━━ DATA PROVIDED ━━
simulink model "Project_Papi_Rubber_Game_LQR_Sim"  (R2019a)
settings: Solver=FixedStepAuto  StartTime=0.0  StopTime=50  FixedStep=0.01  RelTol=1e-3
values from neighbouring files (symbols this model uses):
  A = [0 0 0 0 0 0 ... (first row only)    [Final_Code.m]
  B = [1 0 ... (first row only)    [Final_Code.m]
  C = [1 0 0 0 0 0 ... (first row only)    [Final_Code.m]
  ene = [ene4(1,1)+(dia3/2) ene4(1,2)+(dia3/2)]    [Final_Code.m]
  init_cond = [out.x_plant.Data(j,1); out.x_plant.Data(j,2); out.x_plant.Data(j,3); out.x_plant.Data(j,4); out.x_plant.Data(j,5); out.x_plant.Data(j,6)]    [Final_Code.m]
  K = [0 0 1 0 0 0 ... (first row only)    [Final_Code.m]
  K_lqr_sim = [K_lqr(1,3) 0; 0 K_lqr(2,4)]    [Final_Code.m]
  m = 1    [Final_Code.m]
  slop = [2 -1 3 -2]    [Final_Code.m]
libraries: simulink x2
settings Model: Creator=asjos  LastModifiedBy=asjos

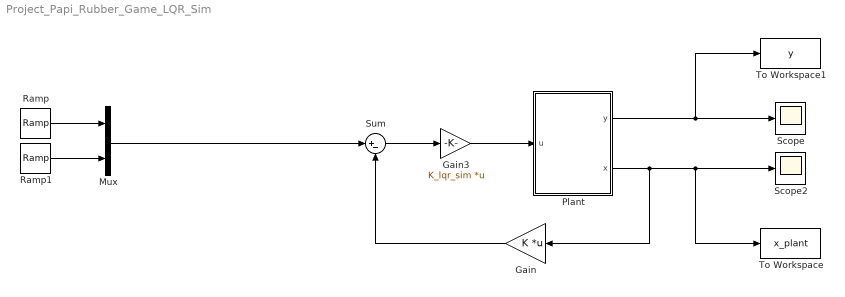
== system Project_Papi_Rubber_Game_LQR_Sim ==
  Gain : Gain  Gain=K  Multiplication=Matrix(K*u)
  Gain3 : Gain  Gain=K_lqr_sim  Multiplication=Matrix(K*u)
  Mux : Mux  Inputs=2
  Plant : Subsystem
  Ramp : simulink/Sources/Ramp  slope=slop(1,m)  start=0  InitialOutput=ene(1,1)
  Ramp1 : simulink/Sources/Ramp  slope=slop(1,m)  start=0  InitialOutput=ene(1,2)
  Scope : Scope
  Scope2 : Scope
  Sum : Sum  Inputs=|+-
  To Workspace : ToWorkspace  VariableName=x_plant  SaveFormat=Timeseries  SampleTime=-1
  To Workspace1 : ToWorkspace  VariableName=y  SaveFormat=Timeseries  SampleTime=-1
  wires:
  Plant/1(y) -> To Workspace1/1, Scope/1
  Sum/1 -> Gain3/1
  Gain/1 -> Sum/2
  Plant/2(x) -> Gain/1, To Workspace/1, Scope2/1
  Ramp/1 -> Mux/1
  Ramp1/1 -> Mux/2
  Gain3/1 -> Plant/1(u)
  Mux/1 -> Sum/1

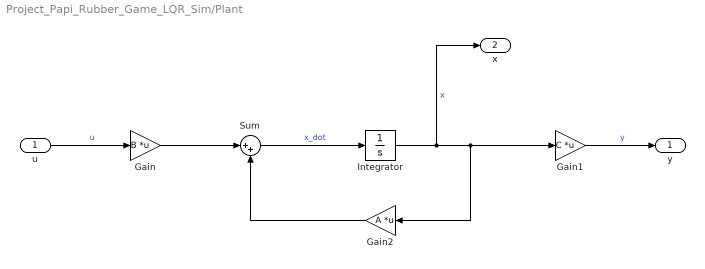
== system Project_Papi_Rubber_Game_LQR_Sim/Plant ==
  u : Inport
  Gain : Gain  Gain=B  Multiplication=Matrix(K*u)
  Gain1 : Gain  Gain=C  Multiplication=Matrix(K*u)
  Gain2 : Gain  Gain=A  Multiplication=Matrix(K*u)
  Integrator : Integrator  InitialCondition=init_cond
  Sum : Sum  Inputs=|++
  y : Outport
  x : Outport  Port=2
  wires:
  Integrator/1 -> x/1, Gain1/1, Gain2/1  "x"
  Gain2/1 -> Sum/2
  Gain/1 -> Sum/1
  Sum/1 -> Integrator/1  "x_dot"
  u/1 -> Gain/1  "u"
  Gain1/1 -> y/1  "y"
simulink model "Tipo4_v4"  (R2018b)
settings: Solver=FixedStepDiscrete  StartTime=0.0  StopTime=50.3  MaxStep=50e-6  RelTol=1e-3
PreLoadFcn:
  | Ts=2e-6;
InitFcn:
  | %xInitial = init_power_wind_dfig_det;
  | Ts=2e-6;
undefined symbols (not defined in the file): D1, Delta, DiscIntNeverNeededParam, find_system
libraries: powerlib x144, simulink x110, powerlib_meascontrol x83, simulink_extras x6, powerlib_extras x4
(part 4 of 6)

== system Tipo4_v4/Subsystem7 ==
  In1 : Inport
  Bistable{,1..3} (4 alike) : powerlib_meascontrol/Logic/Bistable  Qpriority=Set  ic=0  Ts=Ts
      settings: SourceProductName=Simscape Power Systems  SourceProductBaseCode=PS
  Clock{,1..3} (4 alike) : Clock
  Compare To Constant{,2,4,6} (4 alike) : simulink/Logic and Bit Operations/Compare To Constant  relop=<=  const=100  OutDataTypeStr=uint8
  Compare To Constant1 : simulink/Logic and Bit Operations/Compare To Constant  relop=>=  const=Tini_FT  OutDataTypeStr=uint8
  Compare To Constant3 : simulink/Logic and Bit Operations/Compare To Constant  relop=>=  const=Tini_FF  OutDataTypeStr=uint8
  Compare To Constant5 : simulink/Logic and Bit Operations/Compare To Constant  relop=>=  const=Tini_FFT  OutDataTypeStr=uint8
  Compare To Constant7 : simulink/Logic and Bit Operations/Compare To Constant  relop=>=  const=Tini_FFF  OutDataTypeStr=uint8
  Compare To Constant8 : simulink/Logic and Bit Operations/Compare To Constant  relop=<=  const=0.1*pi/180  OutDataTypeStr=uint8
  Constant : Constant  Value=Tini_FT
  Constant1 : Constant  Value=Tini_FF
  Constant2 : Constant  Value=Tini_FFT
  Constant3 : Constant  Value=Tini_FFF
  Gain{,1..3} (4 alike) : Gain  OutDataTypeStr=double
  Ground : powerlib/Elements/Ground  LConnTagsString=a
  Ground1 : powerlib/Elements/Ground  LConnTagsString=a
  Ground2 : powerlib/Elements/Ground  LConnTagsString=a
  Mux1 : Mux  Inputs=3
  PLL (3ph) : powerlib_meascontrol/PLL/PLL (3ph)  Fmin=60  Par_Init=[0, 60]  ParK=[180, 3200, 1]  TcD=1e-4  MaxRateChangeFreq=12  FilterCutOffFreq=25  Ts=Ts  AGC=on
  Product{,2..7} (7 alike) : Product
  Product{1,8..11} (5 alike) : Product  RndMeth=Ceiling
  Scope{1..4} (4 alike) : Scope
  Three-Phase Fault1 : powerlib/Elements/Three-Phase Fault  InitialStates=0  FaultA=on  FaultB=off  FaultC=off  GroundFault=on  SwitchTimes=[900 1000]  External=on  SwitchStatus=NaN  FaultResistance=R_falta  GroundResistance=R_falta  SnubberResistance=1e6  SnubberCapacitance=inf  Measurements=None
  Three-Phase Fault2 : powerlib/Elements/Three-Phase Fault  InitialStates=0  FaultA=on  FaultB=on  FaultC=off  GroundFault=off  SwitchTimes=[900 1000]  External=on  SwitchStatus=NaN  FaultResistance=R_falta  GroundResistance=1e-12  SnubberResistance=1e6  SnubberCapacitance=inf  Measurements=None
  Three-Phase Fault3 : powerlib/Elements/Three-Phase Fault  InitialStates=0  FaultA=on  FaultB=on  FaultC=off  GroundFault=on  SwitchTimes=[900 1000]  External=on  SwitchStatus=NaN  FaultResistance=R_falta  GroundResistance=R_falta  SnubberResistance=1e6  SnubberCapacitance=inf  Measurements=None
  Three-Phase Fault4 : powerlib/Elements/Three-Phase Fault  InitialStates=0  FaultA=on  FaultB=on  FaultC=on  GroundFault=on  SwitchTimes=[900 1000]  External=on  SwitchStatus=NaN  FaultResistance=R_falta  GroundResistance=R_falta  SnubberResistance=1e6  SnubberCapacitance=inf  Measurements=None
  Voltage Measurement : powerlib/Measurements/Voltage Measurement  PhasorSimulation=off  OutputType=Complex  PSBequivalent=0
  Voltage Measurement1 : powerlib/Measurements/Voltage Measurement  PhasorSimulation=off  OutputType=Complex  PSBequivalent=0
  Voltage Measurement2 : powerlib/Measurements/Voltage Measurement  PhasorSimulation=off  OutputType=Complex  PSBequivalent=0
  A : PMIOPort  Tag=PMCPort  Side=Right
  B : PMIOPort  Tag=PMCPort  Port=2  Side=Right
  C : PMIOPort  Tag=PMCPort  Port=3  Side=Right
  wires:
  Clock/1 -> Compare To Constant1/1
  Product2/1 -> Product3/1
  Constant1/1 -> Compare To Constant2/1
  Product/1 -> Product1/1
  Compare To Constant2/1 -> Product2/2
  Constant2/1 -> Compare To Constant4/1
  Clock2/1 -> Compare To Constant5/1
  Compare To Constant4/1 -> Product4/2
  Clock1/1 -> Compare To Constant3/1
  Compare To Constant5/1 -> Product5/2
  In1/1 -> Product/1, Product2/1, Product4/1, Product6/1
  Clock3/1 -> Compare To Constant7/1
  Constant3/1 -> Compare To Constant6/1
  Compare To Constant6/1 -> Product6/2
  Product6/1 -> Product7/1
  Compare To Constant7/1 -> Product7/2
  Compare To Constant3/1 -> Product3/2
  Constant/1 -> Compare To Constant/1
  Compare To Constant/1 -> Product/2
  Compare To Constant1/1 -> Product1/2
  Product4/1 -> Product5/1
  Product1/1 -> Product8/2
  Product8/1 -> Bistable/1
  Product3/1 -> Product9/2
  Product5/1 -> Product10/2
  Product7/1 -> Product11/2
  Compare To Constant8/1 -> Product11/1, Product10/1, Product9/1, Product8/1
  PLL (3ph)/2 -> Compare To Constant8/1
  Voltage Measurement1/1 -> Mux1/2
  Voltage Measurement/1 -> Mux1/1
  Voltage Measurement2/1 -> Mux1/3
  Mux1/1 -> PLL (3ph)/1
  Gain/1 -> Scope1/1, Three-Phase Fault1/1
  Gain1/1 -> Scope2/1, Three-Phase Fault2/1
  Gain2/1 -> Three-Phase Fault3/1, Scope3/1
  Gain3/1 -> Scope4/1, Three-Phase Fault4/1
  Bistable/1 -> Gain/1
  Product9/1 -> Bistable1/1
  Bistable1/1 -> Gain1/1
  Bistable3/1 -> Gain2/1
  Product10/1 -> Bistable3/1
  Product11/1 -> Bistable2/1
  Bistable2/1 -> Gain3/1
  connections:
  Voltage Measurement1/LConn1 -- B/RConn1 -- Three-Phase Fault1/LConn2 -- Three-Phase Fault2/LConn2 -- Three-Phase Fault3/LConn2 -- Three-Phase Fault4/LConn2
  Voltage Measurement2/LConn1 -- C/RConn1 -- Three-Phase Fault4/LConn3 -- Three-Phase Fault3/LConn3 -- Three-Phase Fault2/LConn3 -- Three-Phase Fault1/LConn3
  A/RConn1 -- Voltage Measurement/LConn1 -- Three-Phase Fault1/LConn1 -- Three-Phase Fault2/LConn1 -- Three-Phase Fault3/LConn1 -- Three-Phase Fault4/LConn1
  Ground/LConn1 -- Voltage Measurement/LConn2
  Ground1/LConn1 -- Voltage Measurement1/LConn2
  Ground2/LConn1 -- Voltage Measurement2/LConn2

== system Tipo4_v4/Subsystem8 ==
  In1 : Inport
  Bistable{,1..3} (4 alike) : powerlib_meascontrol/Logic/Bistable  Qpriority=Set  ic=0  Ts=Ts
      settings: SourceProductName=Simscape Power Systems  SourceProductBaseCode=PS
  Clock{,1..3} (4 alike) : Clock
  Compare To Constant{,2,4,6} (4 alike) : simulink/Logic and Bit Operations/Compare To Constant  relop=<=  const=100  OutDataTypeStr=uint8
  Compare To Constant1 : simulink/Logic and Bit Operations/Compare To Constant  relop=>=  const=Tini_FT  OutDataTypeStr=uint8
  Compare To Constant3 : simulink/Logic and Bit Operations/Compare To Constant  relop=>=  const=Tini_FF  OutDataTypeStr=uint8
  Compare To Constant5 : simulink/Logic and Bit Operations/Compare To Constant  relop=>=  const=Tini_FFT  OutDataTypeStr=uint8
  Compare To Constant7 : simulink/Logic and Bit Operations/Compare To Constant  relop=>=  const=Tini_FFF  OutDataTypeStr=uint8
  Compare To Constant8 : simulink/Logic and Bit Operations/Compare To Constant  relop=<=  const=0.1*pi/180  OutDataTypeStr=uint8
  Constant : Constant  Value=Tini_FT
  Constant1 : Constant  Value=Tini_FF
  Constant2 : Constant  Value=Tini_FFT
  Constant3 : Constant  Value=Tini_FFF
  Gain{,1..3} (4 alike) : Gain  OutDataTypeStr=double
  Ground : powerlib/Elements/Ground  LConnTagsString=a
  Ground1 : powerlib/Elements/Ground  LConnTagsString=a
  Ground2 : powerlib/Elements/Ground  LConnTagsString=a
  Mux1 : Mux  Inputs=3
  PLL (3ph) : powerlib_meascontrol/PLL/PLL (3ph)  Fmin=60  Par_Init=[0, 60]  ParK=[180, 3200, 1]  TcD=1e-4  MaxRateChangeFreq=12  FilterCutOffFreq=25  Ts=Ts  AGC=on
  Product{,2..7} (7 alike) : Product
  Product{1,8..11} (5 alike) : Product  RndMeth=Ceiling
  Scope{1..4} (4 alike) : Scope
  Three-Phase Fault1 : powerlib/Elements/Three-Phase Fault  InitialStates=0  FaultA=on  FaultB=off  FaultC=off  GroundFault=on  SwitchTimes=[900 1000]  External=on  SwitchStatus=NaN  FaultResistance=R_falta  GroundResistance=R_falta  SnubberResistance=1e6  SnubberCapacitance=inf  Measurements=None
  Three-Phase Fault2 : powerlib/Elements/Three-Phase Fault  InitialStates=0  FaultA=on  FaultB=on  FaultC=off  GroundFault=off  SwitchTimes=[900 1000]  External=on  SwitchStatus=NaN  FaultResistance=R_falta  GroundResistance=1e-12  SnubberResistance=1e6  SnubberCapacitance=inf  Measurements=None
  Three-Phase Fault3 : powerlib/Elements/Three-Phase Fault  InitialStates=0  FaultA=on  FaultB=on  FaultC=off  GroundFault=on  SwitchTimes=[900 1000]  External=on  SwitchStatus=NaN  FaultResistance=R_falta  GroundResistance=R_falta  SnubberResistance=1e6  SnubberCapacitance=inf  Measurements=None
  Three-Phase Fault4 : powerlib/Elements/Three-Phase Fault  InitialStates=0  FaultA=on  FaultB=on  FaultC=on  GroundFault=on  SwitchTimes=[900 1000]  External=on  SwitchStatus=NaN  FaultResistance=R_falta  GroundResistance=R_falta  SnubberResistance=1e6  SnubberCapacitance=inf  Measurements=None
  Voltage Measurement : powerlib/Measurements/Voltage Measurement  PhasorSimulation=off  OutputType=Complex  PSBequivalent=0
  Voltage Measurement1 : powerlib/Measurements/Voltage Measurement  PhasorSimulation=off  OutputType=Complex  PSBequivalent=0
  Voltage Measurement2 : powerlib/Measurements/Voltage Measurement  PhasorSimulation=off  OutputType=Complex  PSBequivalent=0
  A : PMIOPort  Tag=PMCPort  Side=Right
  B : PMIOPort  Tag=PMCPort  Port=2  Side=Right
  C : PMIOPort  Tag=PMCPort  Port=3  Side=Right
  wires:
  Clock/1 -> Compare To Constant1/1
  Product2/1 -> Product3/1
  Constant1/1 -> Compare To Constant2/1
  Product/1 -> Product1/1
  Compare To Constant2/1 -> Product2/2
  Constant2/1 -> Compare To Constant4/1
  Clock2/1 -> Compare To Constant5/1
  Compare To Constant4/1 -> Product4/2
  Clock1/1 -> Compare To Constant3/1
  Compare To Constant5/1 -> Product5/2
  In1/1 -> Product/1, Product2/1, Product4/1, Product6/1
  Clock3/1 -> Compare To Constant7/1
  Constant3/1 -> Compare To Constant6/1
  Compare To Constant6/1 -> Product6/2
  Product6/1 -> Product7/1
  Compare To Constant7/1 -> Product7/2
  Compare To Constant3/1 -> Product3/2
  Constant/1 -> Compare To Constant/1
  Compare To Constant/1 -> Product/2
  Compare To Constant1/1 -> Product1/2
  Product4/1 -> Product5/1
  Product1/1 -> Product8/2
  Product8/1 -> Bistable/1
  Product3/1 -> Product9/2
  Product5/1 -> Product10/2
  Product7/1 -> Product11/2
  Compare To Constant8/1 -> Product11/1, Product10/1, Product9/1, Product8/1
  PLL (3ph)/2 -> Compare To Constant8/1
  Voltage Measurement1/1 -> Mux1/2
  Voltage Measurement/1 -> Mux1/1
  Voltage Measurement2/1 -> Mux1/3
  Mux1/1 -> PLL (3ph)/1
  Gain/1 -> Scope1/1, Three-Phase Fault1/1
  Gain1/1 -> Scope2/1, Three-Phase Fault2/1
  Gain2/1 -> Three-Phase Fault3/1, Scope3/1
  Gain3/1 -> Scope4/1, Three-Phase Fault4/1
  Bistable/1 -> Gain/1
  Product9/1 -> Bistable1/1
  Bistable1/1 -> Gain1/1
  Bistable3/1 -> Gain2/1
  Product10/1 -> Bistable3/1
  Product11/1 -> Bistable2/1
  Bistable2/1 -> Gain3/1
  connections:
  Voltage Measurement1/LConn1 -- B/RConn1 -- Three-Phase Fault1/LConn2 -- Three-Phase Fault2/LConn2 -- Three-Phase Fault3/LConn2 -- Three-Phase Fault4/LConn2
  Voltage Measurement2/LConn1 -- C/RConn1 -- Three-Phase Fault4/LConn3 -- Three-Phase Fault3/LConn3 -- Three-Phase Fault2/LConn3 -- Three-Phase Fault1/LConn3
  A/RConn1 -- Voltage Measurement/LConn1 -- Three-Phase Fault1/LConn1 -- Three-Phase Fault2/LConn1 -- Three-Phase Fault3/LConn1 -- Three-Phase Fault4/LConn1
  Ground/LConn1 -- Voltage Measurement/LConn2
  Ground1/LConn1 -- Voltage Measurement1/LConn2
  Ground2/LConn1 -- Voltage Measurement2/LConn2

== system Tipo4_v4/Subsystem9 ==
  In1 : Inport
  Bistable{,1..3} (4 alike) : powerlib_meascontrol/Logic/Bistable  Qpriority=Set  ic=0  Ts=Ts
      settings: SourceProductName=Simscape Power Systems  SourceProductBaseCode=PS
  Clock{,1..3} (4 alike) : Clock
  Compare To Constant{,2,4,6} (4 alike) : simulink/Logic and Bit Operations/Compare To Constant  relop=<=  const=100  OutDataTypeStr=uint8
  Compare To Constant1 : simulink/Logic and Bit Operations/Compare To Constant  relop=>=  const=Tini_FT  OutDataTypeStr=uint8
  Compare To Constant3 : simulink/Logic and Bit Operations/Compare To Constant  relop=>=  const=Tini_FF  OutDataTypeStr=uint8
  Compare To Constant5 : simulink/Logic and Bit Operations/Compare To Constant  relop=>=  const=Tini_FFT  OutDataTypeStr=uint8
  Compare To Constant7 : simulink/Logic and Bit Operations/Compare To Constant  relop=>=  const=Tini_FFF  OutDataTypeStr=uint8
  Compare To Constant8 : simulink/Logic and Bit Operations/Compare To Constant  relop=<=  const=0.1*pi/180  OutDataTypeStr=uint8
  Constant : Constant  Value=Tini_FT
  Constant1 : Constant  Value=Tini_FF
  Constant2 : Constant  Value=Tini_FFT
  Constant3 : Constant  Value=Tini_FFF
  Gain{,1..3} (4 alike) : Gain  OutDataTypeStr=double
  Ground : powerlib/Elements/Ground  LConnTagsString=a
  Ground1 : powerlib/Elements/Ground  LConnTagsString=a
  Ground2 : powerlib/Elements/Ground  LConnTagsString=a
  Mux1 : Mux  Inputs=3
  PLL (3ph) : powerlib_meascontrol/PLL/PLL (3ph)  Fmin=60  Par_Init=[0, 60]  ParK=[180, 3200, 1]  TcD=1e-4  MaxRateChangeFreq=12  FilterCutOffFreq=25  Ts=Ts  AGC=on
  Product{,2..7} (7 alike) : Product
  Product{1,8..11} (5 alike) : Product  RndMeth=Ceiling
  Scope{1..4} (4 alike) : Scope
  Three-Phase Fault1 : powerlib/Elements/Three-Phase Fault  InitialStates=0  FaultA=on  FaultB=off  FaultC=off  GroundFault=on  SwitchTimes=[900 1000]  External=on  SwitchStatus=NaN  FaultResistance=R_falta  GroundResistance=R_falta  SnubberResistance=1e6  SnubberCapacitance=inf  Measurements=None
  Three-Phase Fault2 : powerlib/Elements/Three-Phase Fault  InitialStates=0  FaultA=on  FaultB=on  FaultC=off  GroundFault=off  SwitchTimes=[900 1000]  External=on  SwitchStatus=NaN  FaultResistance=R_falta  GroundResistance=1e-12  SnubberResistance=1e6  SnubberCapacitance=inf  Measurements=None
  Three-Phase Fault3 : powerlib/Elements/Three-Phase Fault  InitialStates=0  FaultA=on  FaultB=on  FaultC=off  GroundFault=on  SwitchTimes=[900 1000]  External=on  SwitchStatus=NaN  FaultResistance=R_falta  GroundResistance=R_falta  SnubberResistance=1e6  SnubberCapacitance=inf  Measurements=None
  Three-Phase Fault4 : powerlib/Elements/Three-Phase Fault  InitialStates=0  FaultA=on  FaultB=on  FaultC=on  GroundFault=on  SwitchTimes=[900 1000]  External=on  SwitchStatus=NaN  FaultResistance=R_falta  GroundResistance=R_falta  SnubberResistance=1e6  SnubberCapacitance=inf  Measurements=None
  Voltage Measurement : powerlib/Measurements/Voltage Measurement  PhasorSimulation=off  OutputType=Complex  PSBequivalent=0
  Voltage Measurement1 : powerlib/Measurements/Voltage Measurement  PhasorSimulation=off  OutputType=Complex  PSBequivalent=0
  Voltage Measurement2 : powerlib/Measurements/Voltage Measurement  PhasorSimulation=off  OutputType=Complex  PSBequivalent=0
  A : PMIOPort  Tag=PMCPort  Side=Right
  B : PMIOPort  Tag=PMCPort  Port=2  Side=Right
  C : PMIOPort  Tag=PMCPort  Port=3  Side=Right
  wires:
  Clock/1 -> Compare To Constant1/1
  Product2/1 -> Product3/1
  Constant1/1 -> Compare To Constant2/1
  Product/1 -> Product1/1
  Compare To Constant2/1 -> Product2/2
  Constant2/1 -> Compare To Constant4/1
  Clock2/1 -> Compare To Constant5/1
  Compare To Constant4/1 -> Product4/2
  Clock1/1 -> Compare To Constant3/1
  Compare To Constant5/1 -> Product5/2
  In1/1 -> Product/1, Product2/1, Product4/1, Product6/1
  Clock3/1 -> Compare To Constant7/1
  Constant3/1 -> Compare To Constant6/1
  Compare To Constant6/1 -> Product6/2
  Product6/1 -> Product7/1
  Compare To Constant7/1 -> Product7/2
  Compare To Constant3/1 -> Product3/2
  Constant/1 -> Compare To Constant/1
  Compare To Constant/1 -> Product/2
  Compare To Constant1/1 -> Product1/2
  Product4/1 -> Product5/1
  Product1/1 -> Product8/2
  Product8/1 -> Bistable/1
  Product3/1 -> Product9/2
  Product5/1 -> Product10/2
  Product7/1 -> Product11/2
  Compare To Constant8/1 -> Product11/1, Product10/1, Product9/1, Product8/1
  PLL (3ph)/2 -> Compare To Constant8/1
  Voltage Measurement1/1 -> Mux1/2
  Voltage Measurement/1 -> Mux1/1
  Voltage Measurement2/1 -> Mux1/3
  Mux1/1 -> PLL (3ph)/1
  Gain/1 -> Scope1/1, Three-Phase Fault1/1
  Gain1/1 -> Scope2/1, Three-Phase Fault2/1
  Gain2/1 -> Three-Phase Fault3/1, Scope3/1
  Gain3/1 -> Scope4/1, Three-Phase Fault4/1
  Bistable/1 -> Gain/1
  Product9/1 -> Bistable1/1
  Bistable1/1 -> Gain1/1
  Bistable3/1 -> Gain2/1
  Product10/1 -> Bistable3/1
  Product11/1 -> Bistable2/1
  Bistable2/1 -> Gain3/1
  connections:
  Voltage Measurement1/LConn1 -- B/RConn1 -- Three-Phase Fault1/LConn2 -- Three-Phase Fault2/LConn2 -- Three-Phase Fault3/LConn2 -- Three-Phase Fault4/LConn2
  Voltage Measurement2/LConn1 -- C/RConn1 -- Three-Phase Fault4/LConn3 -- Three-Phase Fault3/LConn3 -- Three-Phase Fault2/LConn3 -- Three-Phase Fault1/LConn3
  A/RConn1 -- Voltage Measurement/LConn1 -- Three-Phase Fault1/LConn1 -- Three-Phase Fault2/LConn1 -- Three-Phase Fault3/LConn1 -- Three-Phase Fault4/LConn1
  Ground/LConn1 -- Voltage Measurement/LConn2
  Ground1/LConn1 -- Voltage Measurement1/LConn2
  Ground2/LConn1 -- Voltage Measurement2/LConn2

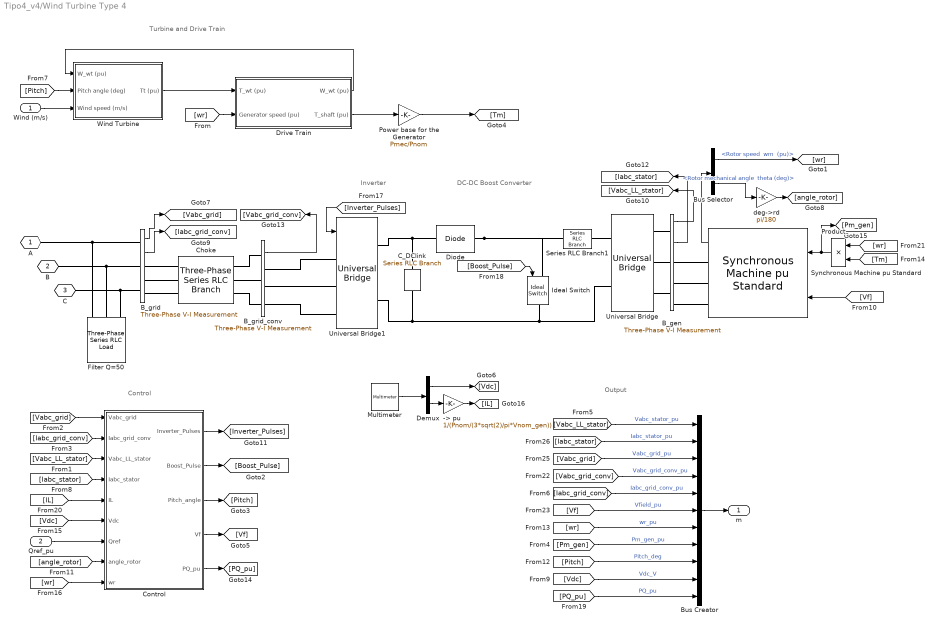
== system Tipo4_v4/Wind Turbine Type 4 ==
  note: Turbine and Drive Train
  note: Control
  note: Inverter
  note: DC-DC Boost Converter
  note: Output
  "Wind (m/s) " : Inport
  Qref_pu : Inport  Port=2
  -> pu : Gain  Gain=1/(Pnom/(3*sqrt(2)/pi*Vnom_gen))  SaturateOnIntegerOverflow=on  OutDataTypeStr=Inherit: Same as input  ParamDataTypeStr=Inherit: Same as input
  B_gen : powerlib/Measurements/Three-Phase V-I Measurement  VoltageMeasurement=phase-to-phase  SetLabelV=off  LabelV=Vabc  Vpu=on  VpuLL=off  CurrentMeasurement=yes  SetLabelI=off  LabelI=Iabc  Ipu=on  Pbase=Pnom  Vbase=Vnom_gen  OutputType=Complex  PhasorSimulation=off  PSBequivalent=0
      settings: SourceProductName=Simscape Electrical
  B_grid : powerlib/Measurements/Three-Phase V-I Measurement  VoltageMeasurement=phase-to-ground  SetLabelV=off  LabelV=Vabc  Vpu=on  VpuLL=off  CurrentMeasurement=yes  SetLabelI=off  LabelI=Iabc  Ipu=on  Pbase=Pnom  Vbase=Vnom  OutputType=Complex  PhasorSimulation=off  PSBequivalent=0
━━━
WHAT NEEDS TO BE DONE: Return only the lines running from the top of the data to the line that holds "Plant : Subsystem". Include both of those lines, but skip the pictures.

SOLUTION:
simulink model "Project_Papi_Rubber_Game_LQR_Sim"  (R2019a)
settings: Solver=FixedStepAuto  StartTime=0.0  StopTime=50  FixedStep=0.01  RelTol=1e-3
values from neighbouring files (symbols this model uses):
  A = [0 0 0 0 0 0 ... (first row only)    [Final_Code.m]
  B = [1 0 ... (first row only)    [Final_Code.m]
  C = [1 0 0 0 0 0 ... (first row only)    [Final_Code.m]
  ene = [ene4(1,1)+(dia3/2) ene4(1,2)+(dia3/2)]    [Final_Code.m]
  init_cond = [out.x_plant.Data(j,1); out.x_plant.Data(j,2); out.x_plant.Data(j,3); out.x_plant.Data(j,4); out.x_plant.Data(j,5); out.x_plant.Data(j,6)]    [Final_Code.m]
  K = [0 0 1 0 0 0 ... (first row only)    [Final_Code.m]
  K_lqr_sim = [K_lqr(1,3) 0; 0 K_lqr(2,4)]    [Final_Code.m]
  m = 1    [Final_Code.m]
  slop = [2 -1 3 -2]    [Final_Code.m]
libraries: simulink x2
settings Model: Creator=asjos  LastModifiedBy=asjos

== system Project_Papi_Rubber_Game_LQR_Sim ==
  Gain : Gain  Gain=K  Multiplication=Matrix(K*u)
  Gain3 : Gain  Gain=K_lqr_sim  Multiplication=Matrix(K*u)
  Mux : Mux  Inputs=2
  Plant : Subsystem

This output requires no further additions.